Chatterbox

Larry Klayman for Senate?

America’s most litigious Clinton-hater mounts the hustings.

Earlier this week, Chatterbox mentioned in passing that Larry Klayman, the polymorphously litigious chairman and founder of Judicial Watch, had recently stepped down “to pursue other endeavors.” Klayman, the prototype for Harry Claypool on The West Wing, spent the 1990s litigating on behalf of as many of Bill Clinton’s sex accusers as he could find. Gennifer Flowers, Paula Jones, Linda Tripp, Juanita Broaddrick, Kathleen Willey, and Dolly Kyle Browning were all Judicial Watch clients. Klayman was very possibly the only human being ever to formulate the thought that Robert Ray, the final independent counsel on Whitewater, did a rush job on his final Monicagate report. Judicial Watch also went long on Filegate, Chinagate, and the Wen Ho Lee affair. More recently, Klayman filed suit against Osama Bin Laden, al-Qaida, the Taliban, and the (now former) government of Iraq; Dick Cheney’s secret energy task force; Richard Perle; Jacques Chirac; and the Dalai Lama. OK, he didn’t sue the Dalai Lama. But Klayman did once sue his own mother (over who would pay nursing bills for his deceased grandmother).

Chatterbox speculated that Klayman quit Judicial Watch because he could no longer endure the cognitive dissonance of filing an endless stream of petty lawsuits while crusading against the evils of litigation. As usual, Chatterbox underestimated his man. The real reason Klayman left was to run for the United States Senate, where he pledges to “watch over Hillary Clinton’s shoulder, expose her, and to stop her liberal agenda dead in it’s [sic.] tracks. With Larry Klayman in the Senate, Hillary Clinton is more likely to wind up in the Big House, not the White House.”

Klayman is running for the Florida seat that may or may not be vacated by presidential candidate Bob Graham. The overarching campaign theme is to carry Clinton-hatred into the next decade. Klayman doesn’t work very hard to deny this. Opposition to Clinton is “not the only reason” he’s running, he told Chatterbox, but “it’s a reason. She’s the head of the Democratic party.” (This will be a rude shock to Terry McAuliffe, Sen. Tom Daschle, Rep. Nancy Pelosi, and the 10 people competing for the presidential nomination.) Klayman’s campaign Web site elaborates various policy pledges: lowering taxes, combating abortion, cutting government spending, prosecuting corporate criminals, and democratizing Cuba. But these are trees, not the forest. All but three of Klayman’s 10 position papers manage to work in the name “Clinton.”
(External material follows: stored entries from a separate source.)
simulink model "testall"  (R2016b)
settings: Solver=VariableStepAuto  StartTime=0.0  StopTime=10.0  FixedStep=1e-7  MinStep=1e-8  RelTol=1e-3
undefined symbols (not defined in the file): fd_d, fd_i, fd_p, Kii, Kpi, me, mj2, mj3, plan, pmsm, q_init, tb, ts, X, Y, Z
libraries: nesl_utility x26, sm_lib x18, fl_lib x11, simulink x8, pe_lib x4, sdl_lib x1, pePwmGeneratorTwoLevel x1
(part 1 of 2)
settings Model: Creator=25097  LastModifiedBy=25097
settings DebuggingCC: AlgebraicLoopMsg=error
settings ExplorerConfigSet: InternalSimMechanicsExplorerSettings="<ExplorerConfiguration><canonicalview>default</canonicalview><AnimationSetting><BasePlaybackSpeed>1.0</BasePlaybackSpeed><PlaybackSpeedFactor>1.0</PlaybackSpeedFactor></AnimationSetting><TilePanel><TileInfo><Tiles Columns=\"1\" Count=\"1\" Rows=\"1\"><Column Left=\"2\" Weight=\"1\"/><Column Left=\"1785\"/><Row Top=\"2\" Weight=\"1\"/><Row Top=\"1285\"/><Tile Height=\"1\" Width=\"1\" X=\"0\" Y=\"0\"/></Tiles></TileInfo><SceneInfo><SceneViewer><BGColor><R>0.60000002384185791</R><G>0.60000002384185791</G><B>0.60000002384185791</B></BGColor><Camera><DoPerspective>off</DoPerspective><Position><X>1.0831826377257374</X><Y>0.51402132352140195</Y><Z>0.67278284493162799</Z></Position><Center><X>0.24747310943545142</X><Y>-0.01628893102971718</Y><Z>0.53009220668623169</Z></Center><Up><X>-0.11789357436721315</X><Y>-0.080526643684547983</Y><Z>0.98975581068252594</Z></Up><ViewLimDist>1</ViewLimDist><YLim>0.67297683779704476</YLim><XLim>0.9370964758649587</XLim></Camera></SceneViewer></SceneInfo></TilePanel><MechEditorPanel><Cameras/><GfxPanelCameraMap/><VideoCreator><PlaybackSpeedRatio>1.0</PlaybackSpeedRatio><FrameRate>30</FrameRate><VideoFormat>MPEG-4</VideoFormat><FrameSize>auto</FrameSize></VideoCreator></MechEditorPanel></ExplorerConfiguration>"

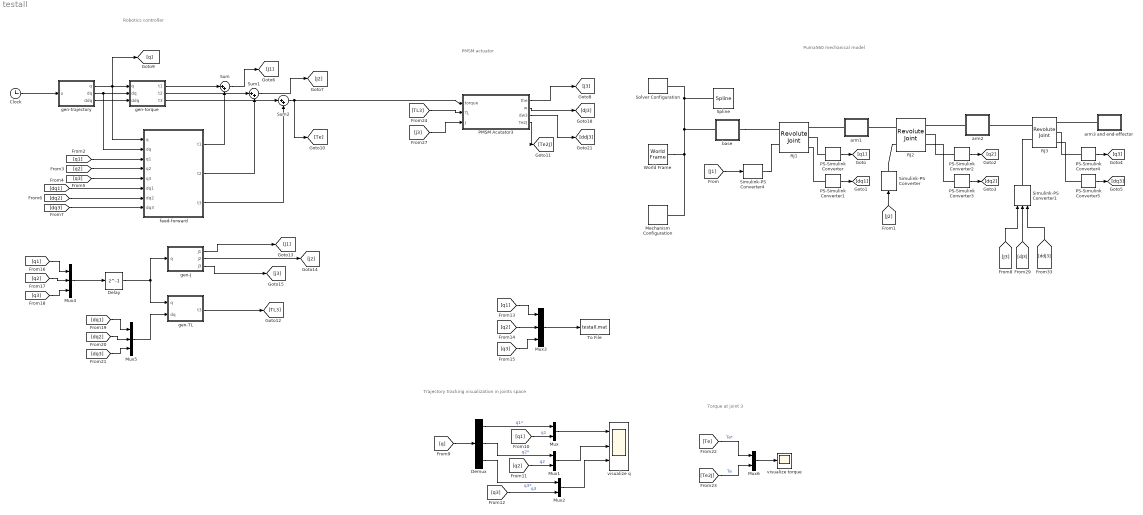
== system testall ==
  note: Robotics controller
  note: Puma560 mechanical model
  note: Trajectory tracking visualization in joints space
  note: PMSM actuator
  note: Torque at joint 3
  Clock : Clock
  Delay : Delay  DelayLength=1
  Demux : Demux  Outputs=3
  Mechanism Configuration : sm_lib/Utilities/Mechanism Configuration  UniformGravity=Constant  GravityVector=[0 0 -9.8]  GravityUnits=m/s^2  LinearizationDelta=0.001
  Mux{,1..2,6} (4 alike) : Mux  Inputs=2
  Mux3 : Mux  Inputs=3
  Mux4 : Mux  Inputs=3
  Mux5 : Mux  Inputs=3
  PMSM Acutator3 : Subsystem
  PS-Simulink Converter : nesl_utility/PS-Simulink Converter  PhysicalDomain=network_engine_domain  SubClassName=ps_output  LeftPortType=input  RightPortType=output  PseudoPeriodic=off  Frequencies=[]  Unit=rad  AffineConversion=off
  PS-Simulink Converter1 : nesl_utility/PS-Simulink Converter  PhysicalDomain=network_engine_domain  SubClassName=ps_output  LeftPortType=input  RightPortType=output  PseudoPeriodic=off  Frequencies=[]  Unit=rad/s  AffineConversion=off
  PS-Simulink Converter2 : nesl_utility/PS-Simulink Converter  PhysicalDomain=network_engine_domain  SubClassName=ps_output  LeftPortType=input  RightPortType=output  PseudoPeriodic=off  Frequencies=[]  Unit=rad  AffineConversion=off
  PS-Simulink Converter3 : nesl_utility/PS-Simulink Converter  PhysicalDomain=network_engine_domain  SubClassName=ps_output  LeftPortType=input  RightPortType=output  PseudoPeriodic=off  Frequencies=[]  Unit=rad/s  AffineConversion=off
  PS-Simulink Converter4 : nesl_utility/PS-Simulink Converter  PhysicalDomain=network_engine_domain  SubClassName=ps_output  LeftPortType=input  RightPortType=output  PseudoPeriodic=off  Frequencies=[]  Unit=rad  AffineConversion=off
  PS-Simulink Converter5 : nesl_utility/PS-Simulink Converter  PhysicalDomain=network_engine_domain  SubClassName=ps_output  LeftPortType=input  RightPortType=output  PseudoPeriodic=off  Frequencies=[]  Unit=rad/s  AffineConversion=off
  RJ1 : sm_lib/Joints/Revolute Joint  SenseConstraintForce=off  SenseConstraintForceX=off  SenseConstraintForceY=off  SenseConstraintForceZ=off  SenseConstraintTorque=off  SenseConstraintTorqueX=off  SenseConstraintTorqueY=off  SenseConstraintTorqueZ=off  SenseTotalForce=off  SenseTotalForceX=off  SenseTotalForceY=off  SenseTotalForceZ=off  SenseTotalTorque=off  SenseTotalTorqueX=off  SenseTotalTorqueY=off  SenseTotalTorqueZ=off  CompositeWrenchDir=FollowerOnBase  CompositeWrenchFrame=BaseFrame  EquilibriumPosition=0  EquilibriumPositionUnits=deg  SpringStiffness=0  SpringStiffnessUnits=N*m/deg  DampingCoefficient=0  DampingCoefficientUnits=N*m/(deg/s)  TorqueActuationMode=InputTorque  MotionActuationMode=ComputedMotion  SensePosition=on  SenseVelocity=on  SenseAcceleration=off  SenseTorqueForce=off  PositionTargetSpecify=off  PositionTargetPriority=High  PositionTargetValue=0  PositionTargetValueUnits=deg  VelocityTargetSpecify=off  VelocityTargetPriority=High  VelocityTargetValue=0  VelocityTargetValueUnits=deg/s
  RJ2 : sm_lib/Joints/Revolute Joint  SenseConstraintForce=off  SenseConstraintForceX=off  SenseConstraintForceY=off  SenseConstraintForceZ=off  SenseConstraintTorque=off  SenseConstraintTorqueX=off  SenseConstraintTorqueY=off  SenseConstraintTorqueZ=off  SenseTotalForce=off  SenseTotalForceX=off  SenseTotalForceY=off  SenseTotalForceZ=off  SenseTotalTorque=off  SenseTotalTorqueX=off  SenseTotalTorqueY=off  SenseTotalTorqueZ=off  CompositeWrenchDir=FollowerOnBase  CompositeWrenchFrame=BaseFrame  EquilibriumPosition=0  EquilibriumPositionUnits=deg  SpringStiffness=0  SpringStiffnessUnits=N*m/deg  DampingCoefficient=0  DampingCoefficientUnits=N*m/(deg/s)  TorqueActuationMode=InputTorque  MotionActuationMode=ComputedMotion  SensePosition=on  SenseVelocity=on  SenseAcceleration=off  SenseTorqueForce=off  PositionTargetSpecify=off  PositionTargetPriority=High  PositionTargetValue=0  PositionTargetValueUnits=deg  VelocityTargetSpecify=off  VelocityTargetPriority=High  VelocityTargetValue=0  VelocityTargetValueUnits=deg/s
  RJ3 : sm_lib/Joints/Revolute Joint  SenseConstraintForce=off  SenseConstraintForceX=off  SenseConstraintForceY=off  SenseConstraintForceZ=off  SenseConstraintTorque=off  SenseConstraintTorqueX=off  SenseConstraintTorqueY=off  SenseConstraintTorqueZ=off  SenseTotalForce=off  SenseTotalForceX=off  SenseTotalForceY=off  SenseTotalForceZ=off  SenseTotalTorque=off  SenseTotalTorqueX=off  SenseTotalTorqueY=off  SenseTotalTorqueZ=off  CompositeWrenchDir=FollowerOnBase  CompositeWrenchFrame=BaseFrame  EquilibriumPosition=0  EquilibriumPositionUnits=deg  SpringStiffness=0  SpringStiffnessUnits=N*m/deg  DampingCoefficient=0  DampingCoefficientUnits=N*m/(deg/s)  TorqueActuationMode=ComputedTorque  MotionActuationMode=InputMotion  SensePosition=on  SenseVelocity=on  SenseAcceleration=off  SenseTorqueForce=off  PositionTargetSpecify=off  PositionTargetPriority=High  PositionTargetValue=0  PositionTargetValueUnits=deg  VelocityTargetSpecify=off  VelocityTargetPriority=High  VelocityTargetValue=0  VelocityTargetValueUnits=deg/s
  Simulink-PS Converter : nesl_utility/Simulink-PS Converter  PhysicalDomain=network_engine_domain  SubClassName=ps_input  LeftPortType=input  RightPortType=output  PseudoPeriodic=off  Frequencies=[]  NoiseDistribution=none  NoiseParameters=[]  Unit=N*m  AffineConversion=off  InputFiltering=off  SimscapeFilterOrder=1  InputFilterTimeConstant=0.001  UdotUserProvided=2
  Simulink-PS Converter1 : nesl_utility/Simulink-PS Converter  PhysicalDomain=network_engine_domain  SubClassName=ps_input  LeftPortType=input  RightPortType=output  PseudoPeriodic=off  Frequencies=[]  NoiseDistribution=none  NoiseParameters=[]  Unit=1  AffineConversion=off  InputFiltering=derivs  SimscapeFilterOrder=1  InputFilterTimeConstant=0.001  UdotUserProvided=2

For Chatterbox, though, there’s only issue in the Larry Klayman campaign, and it isn’t the Clintons. If elected, will he pledge not to file any lawsuits for the next six years? “Categorically, no,” Klayman said. Will he pledge not to sue anybody for the duration of his Senate campaign? “No. Look, it’s a free country.” Here’s Chatterbox’s suggested campaign slogan: “Vote for me … or I’ll sue!”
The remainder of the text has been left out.